En el caso analizado, el pacto compromisorio se encontraba redactado en los siguientes términos: “Las partes convienen expresamente que las dudas y controversias que puedan suscitarse sobre este contrato o su ejecución y que no puedan ser resueltas de manera amistosa, serán decididas mediante Arbitraje Independiente, de acuerdo a los términos de la Ley de Arbitraje Comercial promulgada en Gaceta Oficial Nº 36.416 del siete (7) de Abril de Mil Novecientos Noventa y Ocho y se acuerda así mismo que esta iniciativa deberá ser agotada obligatoriamente antes de recurrir a la vía contenciosa”.

A juicio de la Sala, «la referida cláusula arbitral no contiene una manifiesta e inequívoca disposición de un sometimiento a la jurisdicción de unos árbitros privados, esto es, no existe una indubitada disposición de renunciar al libre acceso a los órganos de administración de justicia de la jurisdicción ordinaria, ya que en su parte final expresa “antes de recurrir a la vía contenciosa”».

En virtud de lo anterior, la Sala Político-Administrativa declaró que el Poder Judicial sí tenía jurisdicción para conocer la demanda planteada inobservando el acuerdo arbitral.



Magistrado Ponente: EMIRO GARCÍA ROSAS

Exp. Nº 2010-0704



El Juzgado Undécimo de Primera Instancia en lo Civil, Mercantil, Tránsito y Bancario de la Circunscripción Judicial del Área Metropolitana de Caracas, por oficio Nº 20564-10 de fecha 21 de julio de 2010, recibido en esta Sala el 29 de ese mes y año, remitió el expediente contentivo de la demanda por cumplimiento de contrato e indemnización de daños y perjuicios, interpuesta por los abogados Edgard LUGO VALBUENA y César CASTRO SALAZAR (números 7.547 y 76.830 del INPREABOGADO), actuando como apoderados judiciales del ciudadano Alfredo Valentín MÉNDEZ CARBALLO (cédula de identidad número 6.347.791), contra la sociedad mercantil VILLAS DE LOMA LINDA C.A.(inscrita en el Registro Mercantil Quinto de la Circunscripción Judicial del Distrito Capital y Estado Miranda el 19 de febrero de 2004, bajo el Nº 11, tomo 873-A).

La remisión se efectuó en virtud de la consulta prevista en los artículos 59 y 62 del Código de Procedimiento Civil, por haber declarado el Tribunal remitente, en sentencia del 16 de junio de 2010, la falta de jurisdicción del Poder Judicial.

En fecha 3 de agosto de 2010 se dio cuenta en Sala y se designó ponente al Magistrado Emiro García Rosas, a los fines de decidir la consulta de jurisdicción.
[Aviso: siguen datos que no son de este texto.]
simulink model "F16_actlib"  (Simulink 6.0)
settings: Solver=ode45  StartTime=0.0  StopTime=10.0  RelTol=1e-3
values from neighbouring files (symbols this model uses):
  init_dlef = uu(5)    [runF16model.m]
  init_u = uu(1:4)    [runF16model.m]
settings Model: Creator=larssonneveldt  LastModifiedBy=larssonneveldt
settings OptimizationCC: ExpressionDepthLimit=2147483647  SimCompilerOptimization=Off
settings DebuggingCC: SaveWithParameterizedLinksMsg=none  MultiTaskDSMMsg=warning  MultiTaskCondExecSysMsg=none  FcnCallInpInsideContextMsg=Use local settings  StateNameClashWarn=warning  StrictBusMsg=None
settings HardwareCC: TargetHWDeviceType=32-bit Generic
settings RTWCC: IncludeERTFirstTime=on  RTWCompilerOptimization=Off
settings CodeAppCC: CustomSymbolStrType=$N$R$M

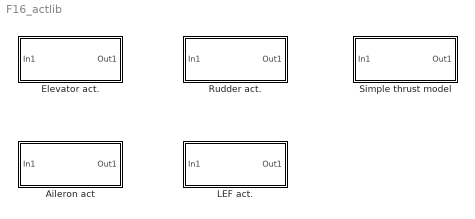
== system F16_actlib ==
  Aileron act : Subsystem
      mask Display:
      | port_label('output', 1, 'da')
      | port_label('input', 1, 'da_ref')
  Elevator act. : Subsystem
      mask Display:
      | port_label('output', 1, 'de')
      | port_label('input', 1, 'de_ref')
  LEF act. : Subsystem
      mask Display:
      | port_label('output', 1, 'dlef')
      | port_label('input', 1, 'dlef_ref')
  Rudder act. : Subsystem
      mask Display:
      | port_label('output', 1, 'dr')
      | port_label('input', 1, 'dr_ref')
  Simple thrust model : Subsystem
      mask Display:
      | port_label('output', 1, 'T')
      | port_label('input', 1, 'T_ref')

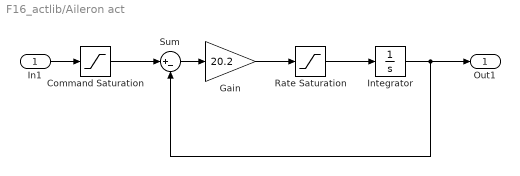
== system F16_actlib/Aileron act ==
  In1 : Inport  OutDataType=sfix(16)  OutScaling=2^0
  Command Saturation : Saturate  UpperLimit=21.5*pi/180  LowerLimit=-21.5*pi/180
  Gain : Gain  Gain=20.2  ParameterDataType=sfix(16)  ParameterScaling=2^0  OutDataType=sfix(16)  OutScaling=2^0  SaturateOnIntegerOverflow=on
  "Integrator " : Integrator  InitialCondition=init_u(3)  UpperSaturationLimit=21.5  LowerSaturationLimit=-21.5
  Rate Saturation : Saturate  UpperLimit=80*pi/180  LowerLimit=-80*pi/180
  Sum : Sum  Inputs=|+-  OutDataType=sfix(16)  OutScaling=2^0  SaturateOnIntegerOverflow=on  InputSameDT=on
  Out1 : Outport  OutDataType=sfix(16)  OutScaling=2^0
  wires:
  In1/1 -> Command Saturation/1
  Command Saturation/1 -> Sum/1
  Sum/1 -> Gain/1
  Gain/1 -> Rate Saturation/1
  Rate Saturation/1 -> "Integrator "/1
  "Integrator "/1 -> Out1/1, Sum/2

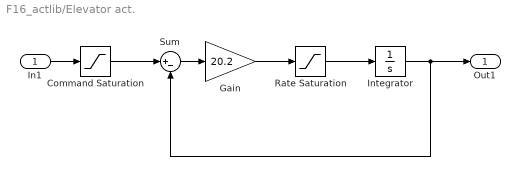
== system F16_actlib/Elevator act. ==
  In1 : Inport  OutDataType=sfix(16)  OutScaling=2^0
  Command Saturation : Saturate  UpperLimit=25*pi/180  LowerLimit=-25*pi/180
  Gain : Gain  Gain=20.2  ParameterDataType=sfix(16)  ParameterScaling=2^0  OutDataType=sfix(16)  OutScaling=2^0  SaturateOnIntegerOverflow=on
  "Integrator " : Integrator  InitialCondition=init_u(2)  UpperSaturationLimit=25  LowerSaturationLimit=-25
  Rate Saturation : Saturate  UpperLimit=60*pi/180  LowerLimit=-60*pi/180
  Sum : Sum  Inputs=|+-  OutDataType=sfix(16)  OutScaling=2^0  SaturateOnIntegerOverflow=on  InputSameDT=on
  Out1 : Outport  OutDataType=sfix(16)  OutScaling=2^0
  wires:
  In1/1 -> Command Saturation/1
  Command Saturation/1 -> Sum/1
  Sum/1 -> Gain/1
  Gain/1 -> Rate Saturation/1
  Rate Saturation/1 -> "Integrator "/1
  "Integrator "/1 -> Out1/1, Sum/2

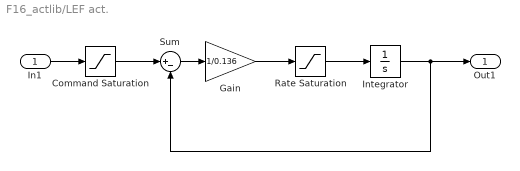
== system F16_actlib/LEF act. ==
  In1 : Inport  OutDataType=sfix(16)  OutScaling=2^0
  Command Saturation : Saturate  UpperLimit=25  LowerLimit=0
  Gain : Gain  Gain=1/0.136  ParameterDataType=sfix(16)  ParameterScaling=2^0  OutDataType=sfix(16)  OutScaling=2^0  SaturateOnIntegerOverflow=on
  "Integrator " : Integrator  InitialCondition=init_dlef  UpperSaturationLimit=25  LowerSaturationLimit=-25
  Rate Saturation : Saturate  UpperLimit=25  LowerLimit=-25
  Sum : Sum  Inputs=|+-  OutDataType=sfix(16)  OutScaling=2^0  SaturateOnIntegerOverflow=on  InputSameDT=on
  Out1 : Outport  OutDataType=sfix(16)  OutScaling=2^0
  wires:
  "Integrator "/1 -> Sum/2, Out1/1
  Rate Saturation/1 -> "Integrator "/1
  Gain/1 -> Rate Saturation/1
  Sum/1 -> Gain/1
  Command Saturation/1 -> Sum/1
  In1/1 -> Command Saturation/1

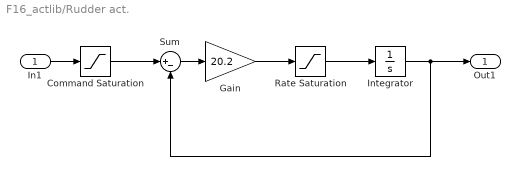
== system F16_actlib/Rudder act. ==
  In1 : Inport  OutDataType=sfix(16)  OutScaling=2^0
  Command Saturation : Saturate  UpperLimit=30*pi/180  LowerLimit=-30*pi/180
  Gain : Gain  Gain=20.2  ParameterDataType=sfix(16)  ParameterScaling=2^0  OutDataType=sfix(16)  OutScaling=2^0  SaturateOnIntegerOverflow=on
  "Integrator " : Integrator  InitialCondition=init_u(4)  UpperSaturationLimit=25  LowerSaturationLimit=-25
  Rate Saturation : Saturate  UpperLimit=120*pi/180  LowerLimit=-120*pi/180
  Sum : Sum  Inputs=|+-  OutDataType=sfix(16)  OutScaling=2^0  SaturateOnIntegerOverflow=on  InputSameDT=on
  Out1 : Outport  OutDataType=sfix(16)  OutScaling=2^0
  wires:
  "Integrator "/1 -> Sum/2, Out1/1
  Rate Saturation/1 -> "Integrator "/1
  Gain/1 -> Rate Saturation/1
  Sum/1 -> Gain/1
  Command Saturation/1 -> Sum/1
  In1/1 -> Command Saturation/1

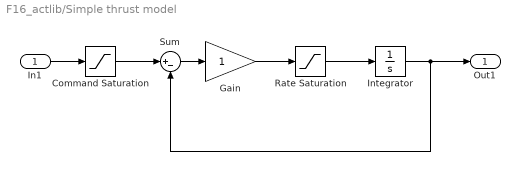
== system F16_actlib/Simple thrust model ==
  In1 : Inport  OutDataType=sfix(16)  OutScaling=2^0
  Command Saturation : Saturate  UpperLimit=85000  LowerLimit=4500
  Gain : Gain  ParameterDataType=sfix(16)  ParameterScaling=2^0  OutDataType=sfix(16)  OutScaling=2^0  SaturateOnIntegerOverflow=on
  "Integrator " : Integrator  InitialCondition=init_u(1)  UpperSaturationLimit=45000  LowerSaturationLimit=-45000
  Rate Saturation : Saturate  UpperLimit=45000  LowerLimit=-45000
  Sum : Sum  Inputs=|+-  OutDataType=sfix(16)  OutScaling=2^0  SaturateOnIntegerOverflow=on  InputSameDT=on
  Out1 : Outport  OutDataType=sfix(16)  OutScaling=2^0
  wires:
  In1/1 -> Command Saturation/1
  Command Saturation/1 -> Sum/1
  Sum/1 -> Gain/1
  Gain/1 -> Rate Saturation/1
  Rate Saturation/1 -> "Integrator "/1
  "Integrator "/1 -> Out1/1, Sum/2

Al respecto la Sala observa:

I

ANTECEDENTES

Mediante escrito presentado el 7 de julio de 2008 ante el Juzgado (Distribuidor) de Primera Instancia en lo Civil, Mercantil y del Tránsito de la Circunscripción Judicial del Área Metropolitana de Caracas, los apoderados judiciales del ciudadano Alfredo Valentín MÉNDEZ CARBALLO demandaron cumplimiento de contrato e indemnización de daños y perjuicios, por la cantidad de doscientos treinta mil doscientos bolívares (Bs. 230.200,00). En dicho escrito el mencionado apoderado argumentó lo siguiente:

Que “[su] representado adquirió por la cantidad de Ciento Noventa y Cinco Millones de Bolívares (Bs. 195.000.000,00) un (1) inmueble conformado por el apartamento distinguido bajo el número 5-1C, ubicado en la quinta Terraza de la Urbanización Villas de Loma Linda, Parroquia El Hatillo. Estado Miranda, según consta de Documento autenticado por ante la Notaría Pública Quinta del Municipio Baruta del Estado Miranda anotado bajo el número 73, Tomo 18, de fecha 01/04/2005”.

Que el 1 de abril de 2005 su representado suscribió un contrato mediante el cual la empresa se obligaba a la culminación y entrega definitiva del apartamento sobre la cual recaía su participación como “inversionista”.

Que se estimó “que en un plazo no mayor de veintiséis (26) meses contados a partir de la fecha de la firma del documento, le haría la entrega del inmueble siempre y cuando, nuestro mandante hubiera cumplido, en su totalidad, con las obligaciones asumidas en esa negociación”.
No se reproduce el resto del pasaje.